For larger clusters, Ray Serve’s LLM API handles the orchestration layer — prefill/decode disaggregation, data parallel routing, and prefix cache affinity routing.

 1
 2
 3
 4
 5
 6
 7
 8
 9
10
11
12
13
14
15
16
17
18
19
20
21
22
23
24
25
26
27
28
29
30
31
32
33
34
35
36
37
38
39
40
41
42
43
44
45
# ray_serve_disagg.py
import ray
from ray import serve
from ray.serve.llm import LLMConfig, build_openai_app

ray.init(address="auto")

prefill_config = LLMConfig(
    model_id="deepseek-ai/DeepSeek-R1",
    accelerator_type="GB200",
    tensor_parallel_size=2,
    pipeline_parallel_size=1,
    role="prefill",                        # Ray Serve LLM disagg role
    max_model_len=65536,
    engine_kwargs={
        "enable_expert_parallel": True,
        "enable_eplb": True,
        "quantization": "fp8",
        "gpu_memory_utilization": 0.90,
    },
)

decode_config = LLMConfig(
    model_id="deepseek-ai/DeepSeek-R1",
    accelerator_type="GB200",
    tensor_parallel_size=8,
    pipeline_parallel_size=1,
    role="decode",
    max_model_len=65536,
    engine_kwargs={
        "enable_expert_parallel": True,
        "enable_eplb": True,
        "enable_dbo": True,
        "quantization": "fp8",
        "gpu_memory_utilization": 0.90,
    },
)

# Build the OpenAI-compatible app with disaggregated routing
app = build_openai_app(
    {"prefill": prefill_config, "decode": decode_config},
    disaggregation=True,
)

serve.run(app, host="0.0.0.0", port=8000)
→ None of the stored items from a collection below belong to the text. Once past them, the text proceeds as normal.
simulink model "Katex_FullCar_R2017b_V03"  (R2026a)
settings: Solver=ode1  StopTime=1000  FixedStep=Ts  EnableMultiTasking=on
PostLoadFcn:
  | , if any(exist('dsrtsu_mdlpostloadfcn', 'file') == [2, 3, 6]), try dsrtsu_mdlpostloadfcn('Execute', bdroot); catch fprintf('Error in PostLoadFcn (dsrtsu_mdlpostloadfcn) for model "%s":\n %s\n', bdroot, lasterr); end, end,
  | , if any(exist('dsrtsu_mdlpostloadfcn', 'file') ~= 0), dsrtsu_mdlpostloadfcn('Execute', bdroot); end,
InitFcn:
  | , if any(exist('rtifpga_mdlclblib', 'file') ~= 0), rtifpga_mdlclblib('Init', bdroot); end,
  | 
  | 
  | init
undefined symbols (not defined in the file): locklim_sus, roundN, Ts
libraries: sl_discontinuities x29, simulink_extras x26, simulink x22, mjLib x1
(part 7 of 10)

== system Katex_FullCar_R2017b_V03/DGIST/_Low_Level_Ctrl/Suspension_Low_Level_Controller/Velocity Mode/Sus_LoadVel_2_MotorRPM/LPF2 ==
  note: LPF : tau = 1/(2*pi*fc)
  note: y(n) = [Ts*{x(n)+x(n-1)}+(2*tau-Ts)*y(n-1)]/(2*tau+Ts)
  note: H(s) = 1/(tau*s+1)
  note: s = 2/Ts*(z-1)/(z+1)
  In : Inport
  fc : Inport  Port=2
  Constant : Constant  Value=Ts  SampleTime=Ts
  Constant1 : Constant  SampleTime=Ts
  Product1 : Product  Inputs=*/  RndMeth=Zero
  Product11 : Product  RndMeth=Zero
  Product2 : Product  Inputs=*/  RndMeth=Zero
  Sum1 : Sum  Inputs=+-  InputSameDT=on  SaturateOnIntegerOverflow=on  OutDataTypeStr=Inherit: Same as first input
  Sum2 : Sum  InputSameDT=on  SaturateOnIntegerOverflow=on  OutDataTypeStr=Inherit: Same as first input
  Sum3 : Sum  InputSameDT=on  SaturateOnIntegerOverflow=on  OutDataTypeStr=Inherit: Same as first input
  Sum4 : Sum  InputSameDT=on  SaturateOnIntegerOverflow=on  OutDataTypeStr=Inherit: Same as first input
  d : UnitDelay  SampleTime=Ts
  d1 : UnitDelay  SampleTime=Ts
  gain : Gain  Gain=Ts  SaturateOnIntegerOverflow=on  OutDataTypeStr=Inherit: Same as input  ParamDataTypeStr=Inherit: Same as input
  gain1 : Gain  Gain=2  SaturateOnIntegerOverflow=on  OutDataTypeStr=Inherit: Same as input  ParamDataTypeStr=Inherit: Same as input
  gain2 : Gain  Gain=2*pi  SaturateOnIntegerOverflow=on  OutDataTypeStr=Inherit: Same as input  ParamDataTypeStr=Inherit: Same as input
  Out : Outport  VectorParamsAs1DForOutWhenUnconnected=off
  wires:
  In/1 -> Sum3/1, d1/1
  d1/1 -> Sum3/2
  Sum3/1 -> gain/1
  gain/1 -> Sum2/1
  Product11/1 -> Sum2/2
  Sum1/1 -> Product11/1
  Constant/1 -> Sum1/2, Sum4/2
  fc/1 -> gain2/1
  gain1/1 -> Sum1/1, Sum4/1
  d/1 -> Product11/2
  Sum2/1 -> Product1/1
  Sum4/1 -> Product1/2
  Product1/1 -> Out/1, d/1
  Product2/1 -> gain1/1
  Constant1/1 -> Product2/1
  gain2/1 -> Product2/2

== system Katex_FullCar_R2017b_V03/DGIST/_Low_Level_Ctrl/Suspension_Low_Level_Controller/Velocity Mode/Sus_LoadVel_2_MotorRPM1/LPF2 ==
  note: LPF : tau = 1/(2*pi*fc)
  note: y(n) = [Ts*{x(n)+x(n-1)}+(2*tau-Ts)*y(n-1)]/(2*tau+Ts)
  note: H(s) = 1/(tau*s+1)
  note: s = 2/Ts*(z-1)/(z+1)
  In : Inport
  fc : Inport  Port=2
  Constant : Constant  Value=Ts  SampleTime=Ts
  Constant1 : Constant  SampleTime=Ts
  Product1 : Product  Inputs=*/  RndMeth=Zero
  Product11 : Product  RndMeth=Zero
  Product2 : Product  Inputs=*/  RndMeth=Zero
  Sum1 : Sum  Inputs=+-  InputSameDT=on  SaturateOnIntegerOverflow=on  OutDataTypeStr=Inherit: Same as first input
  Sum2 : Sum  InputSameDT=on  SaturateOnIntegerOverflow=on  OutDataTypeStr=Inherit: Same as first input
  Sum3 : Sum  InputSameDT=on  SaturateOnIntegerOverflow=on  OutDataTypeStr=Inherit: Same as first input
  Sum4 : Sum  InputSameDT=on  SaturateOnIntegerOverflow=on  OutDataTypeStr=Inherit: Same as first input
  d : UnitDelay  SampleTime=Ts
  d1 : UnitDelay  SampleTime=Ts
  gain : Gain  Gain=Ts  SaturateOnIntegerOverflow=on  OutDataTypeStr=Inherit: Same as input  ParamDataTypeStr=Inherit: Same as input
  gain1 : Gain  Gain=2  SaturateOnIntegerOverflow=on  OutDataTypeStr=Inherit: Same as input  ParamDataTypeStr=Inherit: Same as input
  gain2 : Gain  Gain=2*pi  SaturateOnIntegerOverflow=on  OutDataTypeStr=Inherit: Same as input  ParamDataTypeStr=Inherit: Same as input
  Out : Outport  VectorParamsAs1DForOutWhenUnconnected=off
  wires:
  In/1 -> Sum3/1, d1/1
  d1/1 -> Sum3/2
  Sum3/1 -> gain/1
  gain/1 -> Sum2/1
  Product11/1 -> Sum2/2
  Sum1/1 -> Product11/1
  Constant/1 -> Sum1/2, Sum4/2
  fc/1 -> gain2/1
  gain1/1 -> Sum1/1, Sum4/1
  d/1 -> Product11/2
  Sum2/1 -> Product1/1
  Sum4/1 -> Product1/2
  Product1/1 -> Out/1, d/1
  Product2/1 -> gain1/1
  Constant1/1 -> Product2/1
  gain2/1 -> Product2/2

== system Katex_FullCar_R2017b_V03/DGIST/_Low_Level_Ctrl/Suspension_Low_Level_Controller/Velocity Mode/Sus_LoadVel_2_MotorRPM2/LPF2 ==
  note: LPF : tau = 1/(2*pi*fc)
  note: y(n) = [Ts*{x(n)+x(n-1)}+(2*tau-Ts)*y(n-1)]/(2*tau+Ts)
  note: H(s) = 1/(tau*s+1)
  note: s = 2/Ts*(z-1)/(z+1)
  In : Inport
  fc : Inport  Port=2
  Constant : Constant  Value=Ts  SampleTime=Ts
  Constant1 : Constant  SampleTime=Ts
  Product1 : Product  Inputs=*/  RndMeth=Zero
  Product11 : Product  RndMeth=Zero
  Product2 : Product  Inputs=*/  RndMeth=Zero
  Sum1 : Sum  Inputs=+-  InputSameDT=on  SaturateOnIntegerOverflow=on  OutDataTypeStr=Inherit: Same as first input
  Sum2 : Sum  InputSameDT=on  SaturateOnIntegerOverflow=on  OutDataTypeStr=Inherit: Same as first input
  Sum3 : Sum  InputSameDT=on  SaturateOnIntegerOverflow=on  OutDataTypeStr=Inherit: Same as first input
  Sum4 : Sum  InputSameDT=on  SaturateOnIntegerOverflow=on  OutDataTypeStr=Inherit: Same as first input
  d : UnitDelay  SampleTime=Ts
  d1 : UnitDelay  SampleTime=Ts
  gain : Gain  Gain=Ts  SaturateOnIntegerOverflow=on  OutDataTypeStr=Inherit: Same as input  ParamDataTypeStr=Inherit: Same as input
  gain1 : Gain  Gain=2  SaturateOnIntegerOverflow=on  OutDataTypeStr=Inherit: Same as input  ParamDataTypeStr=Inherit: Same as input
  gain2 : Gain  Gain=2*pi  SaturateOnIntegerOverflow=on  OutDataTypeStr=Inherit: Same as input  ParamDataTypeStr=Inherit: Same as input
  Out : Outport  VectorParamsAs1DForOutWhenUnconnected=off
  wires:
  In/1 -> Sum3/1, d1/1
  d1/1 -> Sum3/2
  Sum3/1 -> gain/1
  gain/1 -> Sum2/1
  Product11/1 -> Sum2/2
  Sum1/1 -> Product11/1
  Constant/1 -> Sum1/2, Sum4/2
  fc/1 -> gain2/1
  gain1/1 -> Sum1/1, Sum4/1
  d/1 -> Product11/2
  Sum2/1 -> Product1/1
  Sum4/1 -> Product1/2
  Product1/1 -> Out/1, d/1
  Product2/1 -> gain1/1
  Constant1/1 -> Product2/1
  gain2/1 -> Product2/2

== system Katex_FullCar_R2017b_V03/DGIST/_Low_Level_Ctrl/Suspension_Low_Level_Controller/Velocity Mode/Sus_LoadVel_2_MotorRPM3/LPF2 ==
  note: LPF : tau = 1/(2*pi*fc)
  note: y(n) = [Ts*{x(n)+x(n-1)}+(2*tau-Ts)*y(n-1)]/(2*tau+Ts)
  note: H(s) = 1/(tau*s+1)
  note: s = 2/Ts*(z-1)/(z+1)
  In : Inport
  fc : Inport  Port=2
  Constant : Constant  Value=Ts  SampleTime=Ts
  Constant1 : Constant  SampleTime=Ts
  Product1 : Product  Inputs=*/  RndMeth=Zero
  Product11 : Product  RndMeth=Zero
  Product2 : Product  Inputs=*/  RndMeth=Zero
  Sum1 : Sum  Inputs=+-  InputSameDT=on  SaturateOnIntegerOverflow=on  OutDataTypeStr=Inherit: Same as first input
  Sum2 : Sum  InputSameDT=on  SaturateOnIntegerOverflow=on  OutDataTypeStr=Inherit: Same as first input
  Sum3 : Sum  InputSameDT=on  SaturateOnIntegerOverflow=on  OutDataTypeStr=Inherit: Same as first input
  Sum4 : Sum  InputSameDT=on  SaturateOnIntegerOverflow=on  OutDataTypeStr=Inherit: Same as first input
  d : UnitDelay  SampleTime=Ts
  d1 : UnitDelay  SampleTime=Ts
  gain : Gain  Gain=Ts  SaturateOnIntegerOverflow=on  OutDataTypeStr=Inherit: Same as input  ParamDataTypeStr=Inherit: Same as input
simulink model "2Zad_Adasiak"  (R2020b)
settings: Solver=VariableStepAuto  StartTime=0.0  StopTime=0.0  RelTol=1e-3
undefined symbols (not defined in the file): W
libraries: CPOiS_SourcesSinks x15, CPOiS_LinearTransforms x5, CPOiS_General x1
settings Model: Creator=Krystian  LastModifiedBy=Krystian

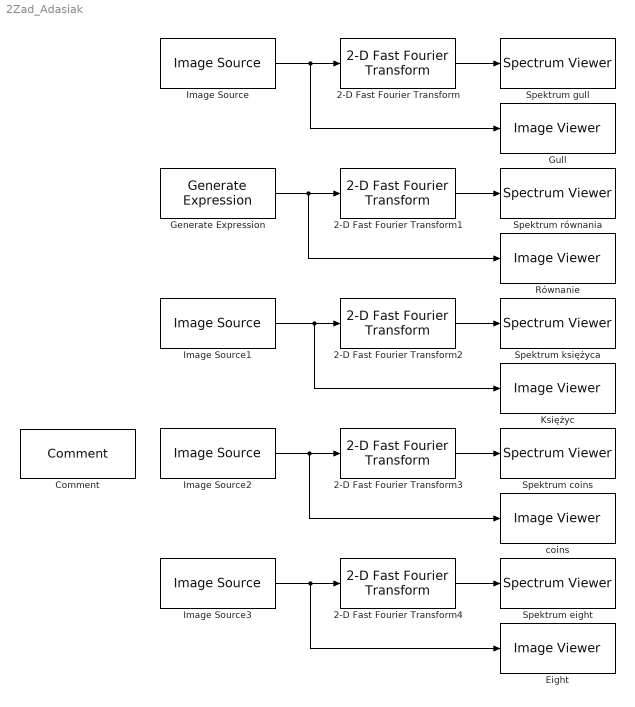
== system 2Zad_Adasiak ==
  2-D Fast Fourier Transform{,1..4} (5 alike) : CPOiS_LinearTransforms/2-D Fast Fourier Transform
      settings: SourceProductName=CPOiS - Digital image and signal processing
  Comment : CPOiS_General/Comment
      settings: SourceProductName=CPOiS - Digital image and signal processing
  Eight : CPOiS_SourcesSinks/Image Viewer
      settings: SourceProductName=CPOiS - Digital image and signal processing
  Generate Expression : CPOiS_SourcesSinks/Generate Expression  Width=256  Height=256  Expression=128.*(sin(W)+1)
      settings: SourceProductName=CPOiS - Digital image and signal processing
  Gull : CPOiS_SourcesSinks/Image Viewer
      settings: SourceProductName=CPOiS - Digital image and signal processing
  Image Source : CPOiS_SourcesSinks/Image Source  FileSelection=gull.png
      settings: SourceProductName=CPOiS - Digital image and signal processing
  Image Source1 : CPOiS_SourcesSinks/Image Source  FileSelection=moon.png
      settings: SourceProductName=CPOiS - Digital image and signal processing
  Image Source2 : CPOiS_SourcesSinks/Image Source  FileSelection=marine.png
      settings: SourceProductName=CPOiS - Digital image and signal processing
  Image Source3 : CPOiS_SourcesSinks/Image Source  FileSelection=eight.tif
      settings: SourceProductName=CPOiS - Digital image and signal processing
  Księżyc : CPOiS_SourcesSinks/Image Viewer
      settings: SourceProductName=CPOiS - Digital image and signal processing
  Równanie : CPOiS_SourcesSinks/Image Viewer
      settings: SourceProductName=CPOiS - Digital image and signal processing
  Spektrum coins : CPOiS_SourcesSinks/Spectrum Viewer
      settings: SourceProductName=CPOiS - Digital image and signal processing
  Spektrum eight : CPOiS_SourcesSinks/Spectrum Viewer
      settings: SourceProductName=CPOiS - Digital image and signal processing
  Spektrum gull : CPOiS_SourcesSinks/Spectrum Viewer
      settings: SourceProductName=CPOiS - Digital image and signal processing
  Spektrum księżyca : CPOiS_SourcesSinks/Spectrum Viewer
      settings: SourceProductName=CPOiS - Digital image and signal processing
  Spektrum równania : CPOiS_SourcesSinks/Spectrum Viewer
      settings: SourceProductName=CPOiS - Digital image and signal processing
  coins : CPOiS_SourcesSinks/Image Viewer
      settings: SourceProductName=CPOiS - Digital image and signal processing
  wires:
  2-D Fast Fourier Transform4/1 -> Spektrum eight/1
  Image Source3/1 -> Eight/1, 2-D Fast Fourier Transform4/1
  Image Source2/1 -> coins/1, 2-D Fast Fourier Transform3/1
  2-D Fast Fourier Transform1/1 -> Spektrum równania/1
  2-D Fast Fourier Transform/1 -> Spektrum gull/1
  Generate Expression/1 -> 2-D Fast Fourier Transform1/1, Równanie/1
  Image Source1/1 -> 2-D Fast Fourier Transform2/1, Księżyc/1
  2-D Fast Fourier Transform2/1 -> Spektrum księżyca/1
  Image Source/1 -> 2-D Fast Fourier Transform/1, Gull/1
  2-D Fast Fourier Transform3/1 -> Spektrum coins/1

Ray Serve handles request routing automatically — prefill requests go to prefill replicas, KV cache transfers happen over Ray’s object store or direct NCCL, and decode picks up from there.

Common Pitfalls

KV transfer hanging at startup — both workers must be fully initialized before the proxy starts routing requests. Add a readiness check loop (GET /health) rather than a fixed sleep 30.

kv_rank conflicts — each worker in the NCCL group needs a unique kv_rank. In a 4-prefill + 1-decode setup, assign ranks 0–3 to prefill and rank 4 to decode, with kv_parallel_size: 5.

Out of memory during KV transfer — the kv_buffer_size must fit in GPU memory alongside the model weights and KV cache. On a 671B FP8 model, each GB200 holds ~140GB of weights, leaving ~40GB headroom. Keep kv_buffer_size under 10GB.

Expert load imbalance without EPLB — without --enable-eplb, hot experts get overloaded when certain token types dominate your traffic (common with long reasoning chains). Enable it and set a reasonable --eplb-rebalance-interval (default 1000 steps is fine to start).

TTFT not improving despite disaggregation — check that your prefill workers aren’t also processing decode requests. The proxy’s routing logic must send all non-first tokens exclusively to decode workers. Monitor vllm:num_requests_running per worker to verify.